Les régulateurs américains font progresser une refonte coordonnée de la surveillance bancaire et des stablecoins, renforçant les exigences en matière de lutte contre le blanchiment d'argent [LBA] tout en supprimant un outil de surveillance controversé qui a longtemps influencé la manière dont les banques interagissent avec les entreprises crypto.
Les propositions menées par la Federal Deposit Insurance Corporation, aux côtés de l'Office of the Comptroller of the Currency et d'autres agences, signalent un passage vers un cadre plus formel et fondé sur des règles régissant à la fois la finance traditionnelle et les actifs numériques.
Les stablecoins se rapprochent d'une réglementation de type bancaire
Au centre des changements se trouve la mise en œuvre du cadre GENIUS Act. Cela placerait les émetteurs de stablecoins sous des normes similaires à celles appliquées aux institutions financières réglementées.
Dans le cadre de la proposition, les émetteurs seraient tenus de maintenir des réserves 1:1, de respecter les normes de liquidité et de gestion des risques, et d'opérer dans des limites commerciales clairement définies.
Des activités telles que le prêt contre des stablecoins émis ou l'offre de rendement seraient restreintes, renforçant un modèle conservateur axé sur les paiements.

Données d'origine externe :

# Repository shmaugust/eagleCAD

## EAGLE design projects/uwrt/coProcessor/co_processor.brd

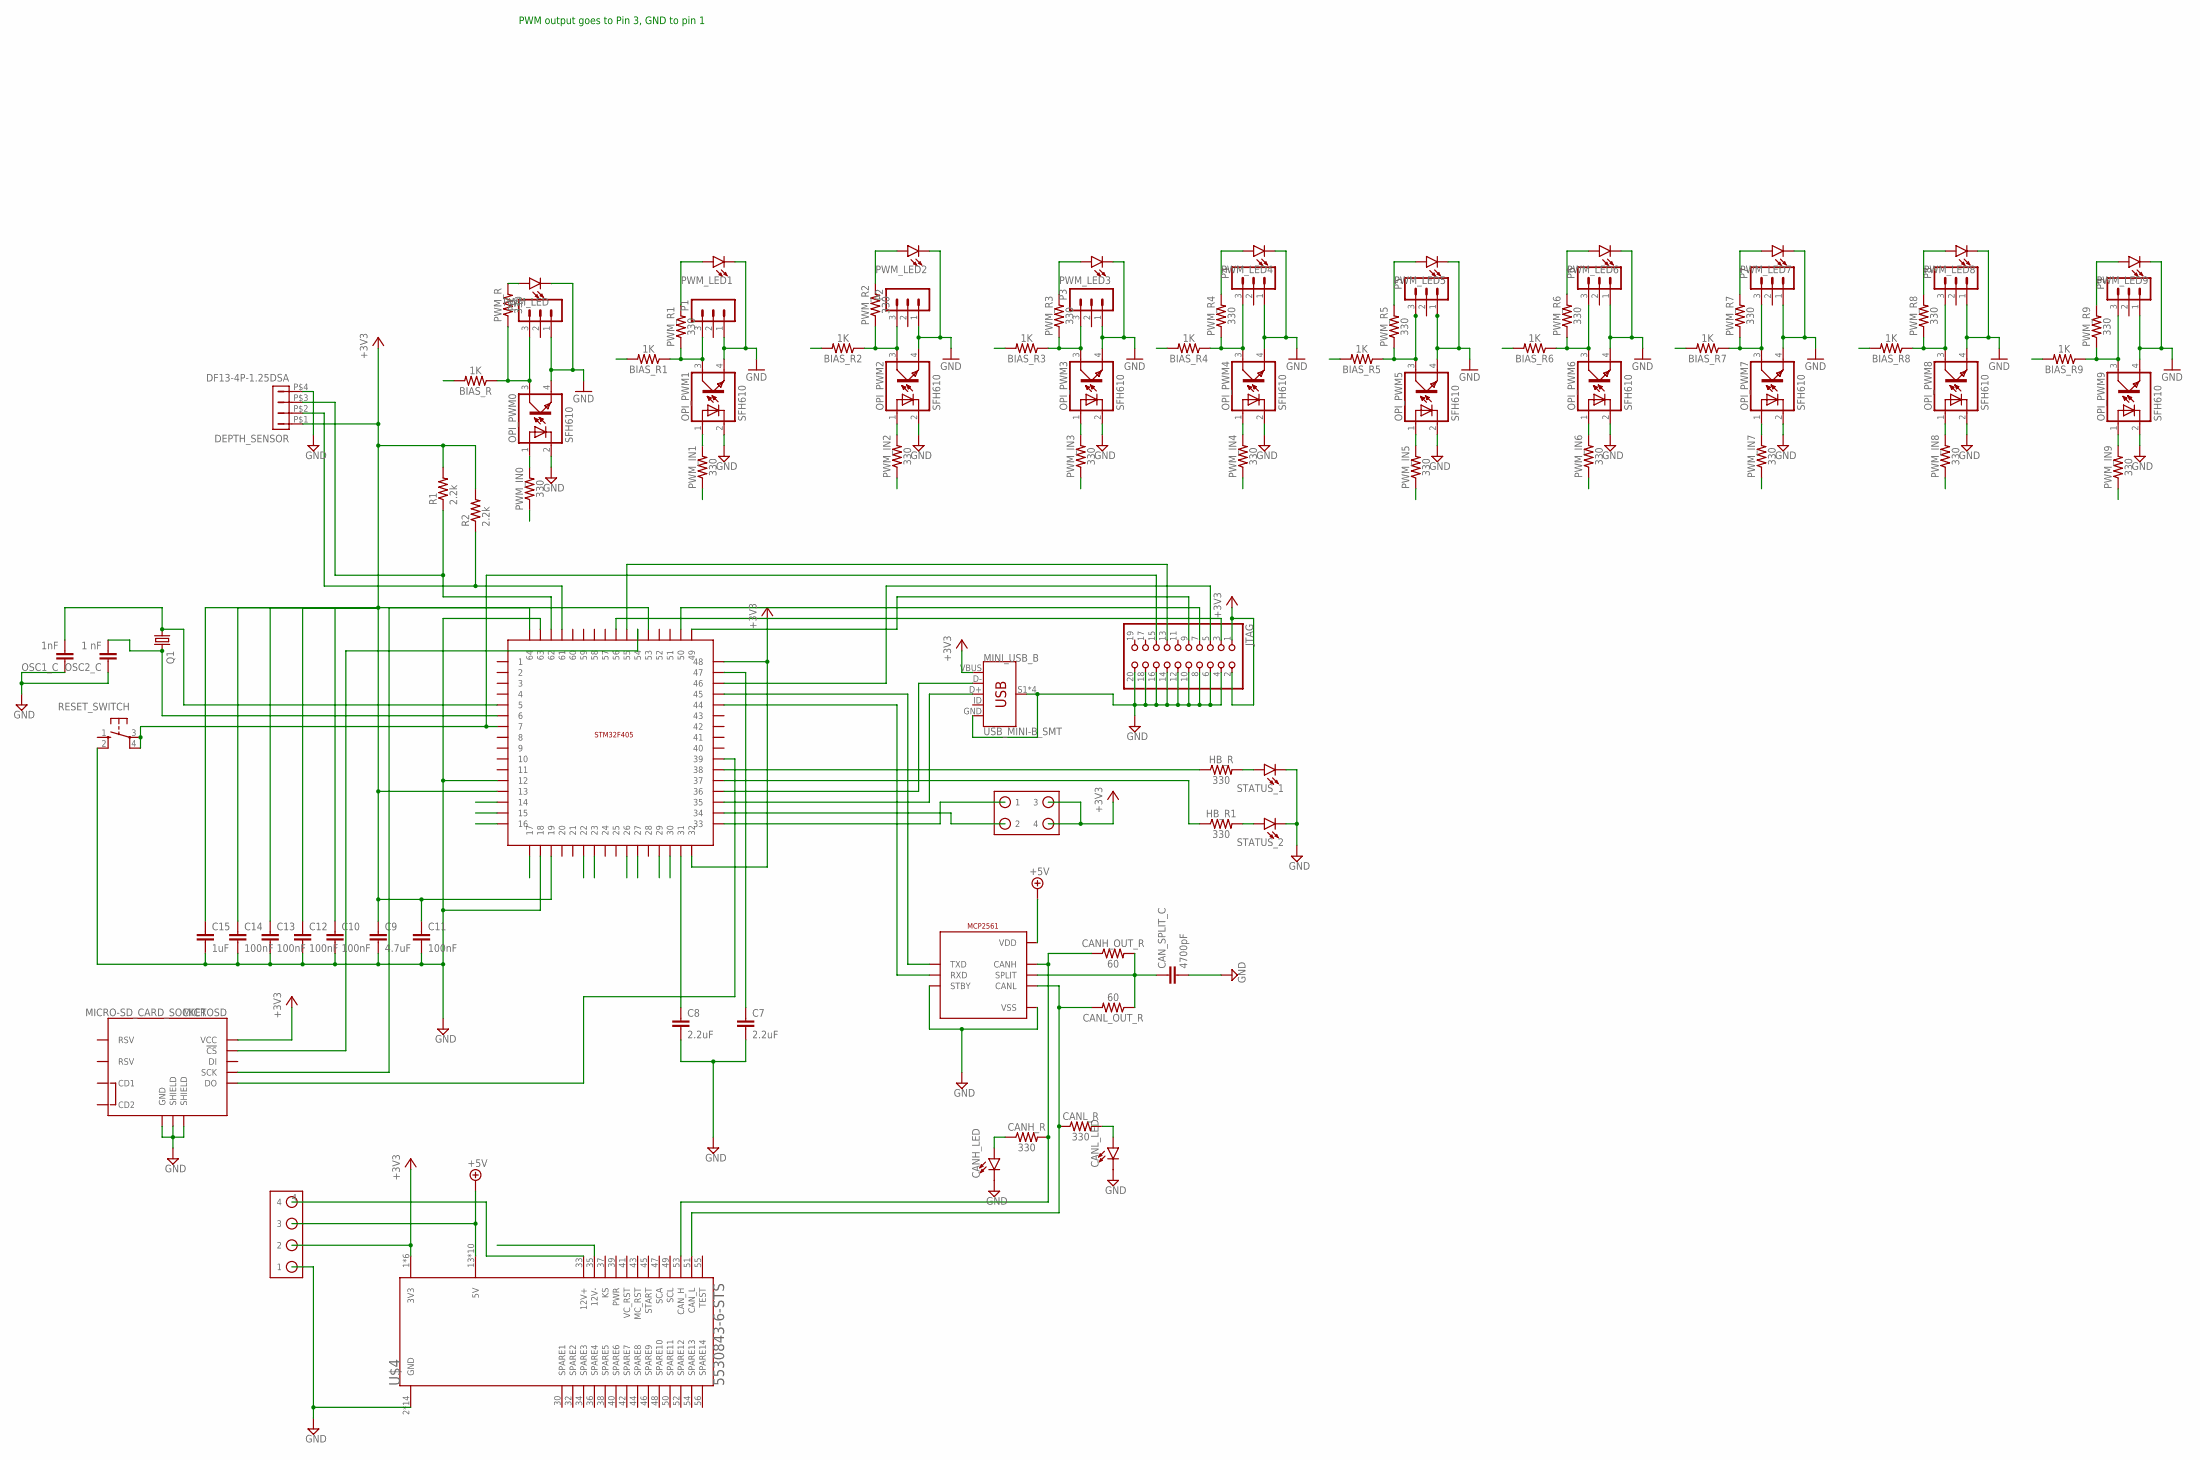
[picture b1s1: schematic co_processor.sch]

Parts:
BIAS_R, BIAS_R1, BIAS_R2, BIAS_R3, BIAS_R4, BIAS_R5, BIAS_R6, BIAS_R7, BIAS_R8, BIAS_R9: 1K; 0603
C7, C8: 2.2uF; C025-025X050
C9: 4.7uF; C025-025X050
C10, C11, C12, C13, C14: 100nF; C025-025X050
C15: 1uF; C025-025X050
CANH_LED: LED1206; LED-1206
CANH_OUT_R: 60; 0603
CANH_R: 330; 0603
CANL_LED: LED1206; LED-1206
CANL_OUT_R: 60; 0603
CANL_R: 330; 0603
CAN_SPLIT_C: 4700pF; C2.5-2
DEPTH_SENSOR: DF13-4P-1.25DSA
HB_R, HB_R1: 330; 0603
JTAG: PINHD-2X10; 2X10
MCP2561: MCP2561; SOIC8
MICROSD: MICRO-SD_CARD_SOCKET; MICRO-SD-SOCKET
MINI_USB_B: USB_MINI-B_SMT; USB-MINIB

Fait important, le cadre précise que bien que les réserves détenues dans les banques puissent être assurées pour l'émetteur, les détenteurs de stablecoins eux-mêmes ne recevraient pas de protection d'assurance-dépôts. Cette distinction remodèle la façon dont les utilisateurs détenant des jetons indexés sur le dollar comprennent le risque.
Les règles LBA évoluent vers une application basée sur le risque
Parallèlement à la surveillance des stablecoins, les régulateurs proposent une réécriture plus large des exigences en matière de LBA et de financement du contre-terrorisme [FCT].
Le cadre actualisé met l'accent sur la conformité basée sur le risque. Il exige que les banques allouent des ressources aux activités à risque élevé plutôt que de s'appuyer sur des listes de contrôle standardisées.
Les institutions devraient maintenir des programmes LBA qui ne sont pas seulement établis sur le papier, mais manifestement efficaces dans la pratique.
Le Financial Crimes Enforcement Network est également appelé à jouer un rôle plus central. Il aura une coordination accrue entre les agences et une plus grande implication dans les décisions de surveillance et d'application.
Les changements s'étendent aux émetteurs de stablecoins, qui seraient tenus de mettre en œuvre des programmes LBA dans le cadre de leur intégration dans le système financier réglementé.
Les régulateurs suppriment le "risque de réputation" de la surveillance
Dans une démarche parallèle, les régulateurs ont proposé d'éliminer l'utilisation du "risque de réputation" comme base de la surveillance bancaire.
Le changement interdirait aux agences de faire pression sur les banques pour qu'elles rompent leurs liens avec des entreprises légales en raison de préoccupations publiques ou politiques perçues. Au lieu de cela, la surveillance se concentrerait strictement sur des risques mesurables tels que le crédit, la liquidité et l'exposition opérationnelle.
Cette mesure répond aux préoccupations de longue date concernant le "debanking", en particulier parmi les entreprises crypto et d'autres secteurs qui ont fait face à des fermetures de comptes malgré leur activité dans les limites légales.
Un passage vers une surveillance financière fondée sur des règles
Prises ensemble, les propositions reflètent une transition plus large dans la façon dont les régulateurs américains abordent la surveillance financière.
D'un côté, la surveillance devient plus structurée, avec des exigences LBA plus strictes et des normes plus claires pour les émetteurs de stablecoins.
D'un autre côté, les régulateurs limitent leur propre pouvoir discrétionnaire en supprimant des outils subjectifs qui ont historiquement façonné les résultats de l'application.
Le résultat est un cadre qui cherche à intégrer les actifs numériques dans le système financier tout en réduisant l'ambiguïté sur la façon dont les règles sont appliquées.
Résumé final
- Les régulateurs américains renforcent les normes LBA et placent les émetteurs de stablecoins sous une surveillance de type bancaire, renforçant une approche plus structurée de la finance numérique.
- Dans le même temps, la suppression du "risque de réputation" signale un passage vers une surveillance objective et fondée sur des règles, avec des implications potentielles pour l'accès des entreprises crypto aux services bancaires.